Sauf qu’en plus, c’est une histoire collective…C’est ce que disent les mecs, à un moment donné, ils n’en pouvaient plus, ils étaient vraiment morts, mais à aucun moment, ils n’ont lâché. Parce qu’ils n’étaient pas seuls. Il s’agissait de toujours donner une solution pour le porteur, toujours faire le replacement, la course qu’il faut, échanger des regards, des mots. Comme le dit la femme de Marcel Husson : « Ce match a fait de vous des frères. » Et je dis ça sans vouloir verser dans l’angélisme à deux balles.

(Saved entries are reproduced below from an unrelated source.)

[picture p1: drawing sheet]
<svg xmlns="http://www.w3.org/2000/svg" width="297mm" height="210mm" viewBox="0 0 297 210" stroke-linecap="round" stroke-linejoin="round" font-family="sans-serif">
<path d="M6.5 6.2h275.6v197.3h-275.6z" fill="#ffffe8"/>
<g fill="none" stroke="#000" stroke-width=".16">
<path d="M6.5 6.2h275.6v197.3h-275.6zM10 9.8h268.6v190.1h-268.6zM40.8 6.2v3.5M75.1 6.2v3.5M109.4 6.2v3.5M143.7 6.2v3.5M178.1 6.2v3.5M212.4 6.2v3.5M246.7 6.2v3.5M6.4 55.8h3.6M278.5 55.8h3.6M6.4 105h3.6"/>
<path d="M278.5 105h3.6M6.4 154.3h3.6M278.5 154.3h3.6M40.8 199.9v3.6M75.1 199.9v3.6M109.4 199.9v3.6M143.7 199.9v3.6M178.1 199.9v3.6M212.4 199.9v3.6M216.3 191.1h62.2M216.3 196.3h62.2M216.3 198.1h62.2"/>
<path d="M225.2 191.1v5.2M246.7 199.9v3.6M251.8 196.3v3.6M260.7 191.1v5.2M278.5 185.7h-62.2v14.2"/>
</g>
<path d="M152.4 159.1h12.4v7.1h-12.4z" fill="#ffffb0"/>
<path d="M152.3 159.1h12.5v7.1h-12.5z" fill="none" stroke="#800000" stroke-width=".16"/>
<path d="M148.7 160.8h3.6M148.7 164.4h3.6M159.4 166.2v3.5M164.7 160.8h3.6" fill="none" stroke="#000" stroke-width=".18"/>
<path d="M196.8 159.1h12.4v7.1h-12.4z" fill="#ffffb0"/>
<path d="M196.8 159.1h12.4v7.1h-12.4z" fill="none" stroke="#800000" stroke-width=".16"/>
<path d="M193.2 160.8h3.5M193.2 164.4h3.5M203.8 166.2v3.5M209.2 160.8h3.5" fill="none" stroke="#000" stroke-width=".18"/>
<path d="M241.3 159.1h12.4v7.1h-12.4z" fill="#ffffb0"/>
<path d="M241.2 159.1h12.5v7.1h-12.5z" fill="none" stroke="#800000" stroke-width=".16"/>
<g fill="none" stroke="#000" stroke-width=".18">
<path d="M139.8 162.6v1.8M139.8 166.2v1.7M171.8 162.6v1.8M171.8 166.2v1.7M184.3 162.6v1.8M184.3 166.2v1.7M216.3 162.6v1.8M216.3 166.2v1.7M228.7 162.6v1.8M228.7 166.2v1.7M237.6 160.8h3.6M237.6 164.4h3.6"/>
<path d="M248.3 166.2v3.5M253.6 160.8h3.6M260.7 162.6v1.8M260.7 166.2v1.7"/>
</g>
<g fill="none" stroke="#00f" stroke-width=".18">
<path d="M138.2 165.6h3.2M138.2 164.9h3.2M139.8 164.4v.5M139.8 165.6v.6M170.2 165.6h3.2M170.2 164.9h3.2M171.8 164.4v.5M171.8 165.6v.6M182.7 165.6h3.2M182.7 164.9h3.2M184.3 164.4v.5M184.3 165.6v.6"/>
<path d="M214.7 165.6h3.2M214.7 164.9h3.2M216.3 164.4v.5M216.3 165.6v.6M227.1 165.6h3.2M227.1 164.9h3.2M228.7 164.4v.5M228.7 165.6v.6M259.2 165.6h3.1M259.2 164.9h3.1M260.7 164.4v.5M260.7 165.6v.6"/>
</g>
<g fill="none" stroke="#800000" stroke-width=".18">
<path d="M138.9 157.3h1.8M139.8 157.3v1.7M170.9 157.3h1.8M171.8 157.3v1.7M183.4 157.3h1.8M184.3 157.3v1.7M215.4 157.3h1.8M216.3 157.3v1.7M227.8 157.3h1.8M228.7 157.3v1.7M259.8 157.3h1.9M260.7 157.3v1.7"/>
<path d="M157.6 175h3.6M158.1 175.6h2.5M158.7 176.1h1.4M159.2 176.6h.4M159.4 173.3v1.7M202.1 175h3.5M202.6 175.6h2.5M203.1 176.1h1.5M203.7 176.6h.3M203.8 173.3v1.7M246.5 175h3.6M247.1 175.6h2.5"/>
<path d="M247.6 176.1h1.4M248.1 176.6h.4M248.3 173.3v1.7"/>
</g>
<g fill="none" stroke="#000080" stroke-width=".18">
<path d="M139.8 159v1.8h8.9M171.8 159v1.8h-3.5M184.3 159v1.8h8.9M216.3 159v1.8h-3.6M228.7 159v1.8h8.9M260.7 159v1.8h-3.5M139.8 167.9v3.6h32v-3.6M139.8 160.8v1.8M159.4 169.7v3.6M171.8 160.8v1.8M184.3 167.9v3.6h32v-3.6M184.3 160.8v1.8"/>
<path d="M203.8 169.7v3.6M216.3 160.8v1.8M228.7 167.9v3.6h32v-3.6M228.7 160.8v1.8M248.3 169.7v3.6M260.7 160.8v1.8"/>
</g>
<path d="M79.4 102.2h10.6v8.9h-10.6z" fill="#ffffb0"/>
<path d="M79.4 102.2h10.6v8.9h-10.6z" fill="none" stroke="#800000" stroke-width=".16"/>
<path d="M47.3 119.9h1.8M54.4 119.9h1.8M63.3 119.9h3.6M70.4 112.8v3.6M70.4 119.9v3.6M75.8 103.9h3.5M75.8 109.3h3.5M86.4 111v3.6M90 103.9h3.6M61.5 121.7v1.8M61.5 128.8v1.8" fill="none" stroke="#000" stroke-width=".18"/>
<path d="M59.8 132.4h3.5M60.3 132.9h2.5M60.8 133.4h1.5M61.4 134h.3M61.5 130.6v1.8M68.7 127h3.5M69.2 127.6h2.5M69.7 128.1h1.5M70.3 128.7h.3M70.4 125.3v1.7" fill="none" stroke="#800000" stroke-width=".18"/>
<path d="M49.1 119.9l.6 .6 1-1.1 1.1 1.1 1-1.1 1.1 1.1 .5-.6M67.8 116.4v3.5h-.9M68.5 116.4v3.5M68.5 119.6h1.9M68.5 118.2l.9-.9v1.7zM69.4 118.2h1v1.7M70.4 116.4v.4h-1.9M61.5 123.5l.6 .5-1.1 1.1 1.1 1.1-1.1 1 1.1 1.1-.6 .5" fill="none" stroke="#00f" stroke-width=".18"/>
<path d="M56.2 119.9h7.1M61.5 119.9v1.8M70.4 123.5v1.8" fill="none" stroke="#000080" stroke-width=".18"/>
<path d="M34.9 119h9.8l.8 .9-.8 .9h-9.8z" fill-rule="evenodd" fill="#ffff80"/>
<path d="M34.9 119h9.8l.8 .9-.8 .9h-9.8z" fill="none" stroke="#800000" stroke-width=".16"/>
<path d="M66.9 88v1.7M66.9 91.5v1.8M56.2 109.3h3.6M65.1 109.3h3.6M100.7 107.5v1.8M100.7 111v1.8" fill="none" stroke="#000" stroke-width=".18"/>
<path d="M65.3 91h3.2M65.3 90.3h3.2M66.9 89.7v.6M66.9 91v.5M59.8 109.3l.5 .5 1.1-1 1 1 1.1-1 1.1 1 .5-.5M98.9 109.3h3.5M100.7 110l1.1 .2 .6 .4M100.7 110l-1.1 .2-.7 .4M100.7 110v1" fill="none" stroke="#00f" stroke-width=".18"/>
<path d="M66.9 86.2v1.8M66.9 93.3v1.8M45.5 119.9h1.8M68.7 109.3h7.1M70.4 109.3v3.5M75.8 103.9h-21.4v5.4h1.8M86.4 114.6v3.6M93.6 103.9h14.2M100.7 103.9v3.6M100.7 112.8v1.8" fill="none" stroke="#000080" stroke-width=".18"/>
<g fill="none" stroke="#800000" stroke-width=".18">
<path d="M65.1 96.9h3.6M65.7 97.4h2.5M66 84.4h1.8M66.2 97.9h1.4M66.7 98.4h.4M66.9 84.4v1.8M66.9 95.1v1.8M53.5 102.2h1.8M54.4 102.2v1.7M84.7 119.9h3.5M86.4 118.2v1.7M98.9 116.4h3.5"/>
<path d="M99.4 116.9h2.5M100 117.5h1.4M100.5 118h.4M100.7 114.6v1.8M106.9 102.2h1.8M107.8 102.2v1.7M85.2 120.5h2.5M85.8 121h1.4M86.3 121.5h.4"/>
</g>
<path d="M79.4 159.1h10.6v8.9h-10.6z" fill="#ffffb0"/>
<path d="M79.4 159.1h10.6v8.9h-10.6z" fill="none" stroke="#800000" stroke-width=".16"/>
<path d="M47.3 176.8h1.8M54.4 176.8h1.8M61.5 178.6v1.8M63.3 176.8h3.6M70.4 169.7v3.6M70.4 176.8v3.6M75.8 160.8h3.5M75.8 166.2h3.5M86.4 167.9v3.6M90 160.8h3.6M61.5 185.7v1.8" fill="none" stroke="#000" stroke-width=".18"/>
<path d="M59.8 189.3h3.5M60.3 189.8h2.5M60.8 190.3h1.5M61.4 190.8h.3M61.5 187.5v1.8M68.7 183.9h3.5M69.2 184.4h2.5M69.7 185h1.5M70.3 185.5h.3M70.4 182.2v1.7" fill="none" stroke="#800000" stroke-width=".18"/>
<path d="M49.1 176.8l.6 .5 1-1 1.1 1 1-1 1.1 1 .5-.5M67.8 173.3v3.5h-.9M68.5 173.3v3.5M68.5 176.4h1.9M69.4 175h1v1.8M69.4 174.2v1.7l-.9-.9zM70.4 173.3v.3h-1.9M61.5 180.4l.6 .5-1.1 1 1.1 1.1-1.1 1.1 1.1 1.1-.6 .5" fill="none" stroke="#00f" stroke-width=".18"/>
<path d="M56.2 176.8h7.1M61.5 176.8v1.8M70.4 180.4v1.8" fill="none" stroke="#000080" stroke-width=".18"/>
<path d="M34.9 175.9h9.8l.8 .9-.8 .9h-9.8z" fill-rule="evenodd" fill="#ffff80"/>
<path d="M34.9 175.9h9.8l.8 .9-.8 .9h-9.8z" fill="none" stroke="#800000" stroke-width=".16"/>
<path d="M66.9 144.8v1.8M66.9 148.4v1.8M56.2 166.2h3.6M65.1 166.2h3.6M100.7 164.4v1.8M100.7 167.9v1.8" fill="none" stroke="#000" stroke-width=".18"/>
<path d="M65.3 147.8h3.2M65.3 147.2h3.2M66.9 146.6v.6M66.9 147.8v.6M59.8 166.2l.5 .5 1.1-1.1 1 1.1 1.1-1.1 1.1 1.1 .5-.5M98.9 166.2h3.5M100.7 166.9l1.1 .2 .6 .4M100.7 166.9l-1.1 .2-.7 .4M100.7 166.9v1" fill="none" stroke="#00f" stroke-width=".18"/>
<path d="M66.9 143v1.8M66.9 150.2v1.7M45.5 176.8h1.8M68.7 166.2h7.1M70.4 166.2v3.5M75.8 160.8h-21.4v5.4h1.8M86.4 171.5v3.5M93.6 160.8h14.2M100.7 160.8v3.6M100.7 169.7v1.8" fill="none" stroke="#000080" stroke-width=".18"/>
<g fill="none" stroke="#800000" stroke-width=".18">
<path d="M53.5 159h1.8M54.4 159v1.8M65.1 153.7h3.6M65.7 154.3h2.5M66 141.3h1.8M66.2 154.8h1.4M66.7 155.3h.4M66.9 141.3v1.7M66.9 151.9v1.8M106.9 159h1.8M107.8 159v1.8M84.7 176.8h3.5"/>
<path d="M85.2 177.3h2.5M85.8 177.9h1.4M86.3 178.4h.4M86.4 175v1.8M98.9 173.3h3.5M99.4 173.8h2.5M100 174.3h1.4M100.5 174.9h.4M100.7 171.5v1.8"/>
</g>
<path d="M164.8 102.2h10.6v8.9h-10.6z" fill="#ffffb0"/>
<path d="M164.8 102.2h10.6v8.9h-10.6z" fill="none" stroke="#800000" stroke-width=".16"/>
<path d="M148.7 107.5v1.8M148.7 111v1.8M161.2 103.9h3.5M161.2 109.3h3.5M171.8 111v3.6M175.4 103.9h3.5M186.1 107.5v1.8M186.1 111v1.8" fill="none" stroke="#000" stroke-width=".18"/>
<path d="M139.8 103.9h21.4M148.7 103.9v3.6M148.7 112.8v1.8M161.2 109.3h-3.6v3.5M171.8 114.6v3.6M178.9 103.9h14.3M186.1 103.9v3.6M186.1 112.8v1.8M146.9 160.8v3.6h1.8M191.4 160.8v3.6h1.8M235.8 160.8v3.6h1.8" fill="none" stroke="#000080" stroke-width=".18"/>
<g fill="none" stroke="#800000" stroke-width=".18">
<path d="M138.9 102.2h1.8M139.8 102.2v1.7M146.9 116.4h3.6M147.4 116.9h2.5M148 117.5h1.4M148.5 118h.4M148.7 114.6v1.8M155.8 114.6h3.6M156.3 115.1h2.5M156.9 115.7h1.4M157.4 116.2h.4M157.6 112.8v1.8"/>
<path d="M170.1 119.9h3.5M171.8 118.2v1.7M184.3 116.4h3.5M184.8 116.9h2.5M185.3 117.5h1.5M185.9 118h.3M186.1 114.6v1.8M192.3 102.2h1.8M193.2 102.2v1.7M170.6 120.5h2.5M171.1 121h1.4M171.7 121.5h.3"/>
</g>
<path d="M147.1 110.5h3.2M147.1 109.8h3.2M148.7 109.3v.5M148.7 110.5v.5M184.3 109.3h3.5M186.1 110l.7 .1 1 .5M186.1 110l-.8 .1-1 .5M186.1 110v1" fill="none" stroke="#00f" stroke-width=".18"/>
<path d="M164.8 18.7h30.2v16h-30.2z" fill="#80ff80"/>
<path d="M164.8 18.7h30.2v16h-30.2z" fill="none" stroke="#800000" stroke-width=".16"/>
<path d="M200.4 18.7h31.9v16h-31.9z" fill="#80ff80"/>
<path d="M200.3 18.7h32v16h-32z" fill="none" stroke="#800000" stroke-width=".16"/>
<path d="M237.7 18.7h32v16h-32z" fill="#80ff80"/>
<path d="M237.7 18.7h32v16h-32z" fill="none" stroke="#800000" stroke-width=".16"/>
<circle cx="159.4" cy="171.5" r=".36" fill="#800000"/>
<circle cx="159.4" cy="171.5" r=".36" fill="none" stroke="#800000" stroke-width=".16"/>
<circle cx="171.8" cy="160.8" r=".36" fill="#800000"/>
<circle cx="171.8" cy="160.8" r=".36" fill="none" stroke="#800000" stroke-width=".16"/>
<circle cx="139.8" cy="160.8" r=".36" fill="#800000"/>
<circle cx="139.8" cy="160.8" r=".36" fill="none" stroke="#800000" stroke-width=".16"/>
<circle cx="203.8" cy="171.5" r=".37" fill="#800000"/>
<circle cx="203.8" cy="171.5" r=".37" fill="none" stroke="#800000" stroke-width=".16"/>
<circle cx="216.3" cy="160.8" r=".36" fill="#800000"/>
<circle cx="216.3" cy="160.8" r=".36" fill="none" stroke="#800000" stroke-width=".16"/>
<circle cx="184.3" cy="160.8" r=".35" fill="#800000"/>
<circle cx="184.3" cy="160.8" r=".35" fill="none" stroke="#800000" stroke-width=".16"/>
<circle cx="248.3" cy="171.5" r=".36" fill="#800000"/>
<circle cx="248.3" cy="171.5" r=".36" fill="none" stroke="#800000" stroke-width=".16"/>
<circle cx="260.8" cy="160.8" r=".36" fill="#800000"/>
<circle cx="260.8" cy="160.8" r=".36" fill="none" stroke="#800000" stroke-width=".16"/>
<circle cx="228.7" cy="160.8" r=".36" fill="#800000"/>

D’autant que si c’est une histoire aussi belle qu’incroyable, c’est avant tout une histoire de jambon… Il y a là trois versions. Dans tous les cas, c’est Shuster qui l’ouvre après le match aller. Un : Schuster dit « Ces mecs-là, c’est des jambons. » Deux : Schuster dit, en parlant de Michel Ettore, mauvais comme un cochon à l’aller : « Je lui enverrai un jambon pour le remercier. » Trois : « Si jamais ils se qualifient au retour, je leur enverrai un jambon. » Ce qui est sûr, en tout cas, c’est qu’au coup d’envoi du retour, Michel n’a qu’une envie : « Lui péter la gueule. » Et à la fin du match, alors que tous ses coéquipiers se jettent les uns sur les autres pour se congratuler, Ettore, lui, se jette sur Schuster pour lui hurler en pleine gueule : « Alors, il est où, mon jambon ?!?! » Sauf que Schuster ne comprenait rien, il ne parlait pas français…

FC Barcelone – FC Metz 1984 : le match de leur vie par Pierre Théobald aux éditions Serpenoise.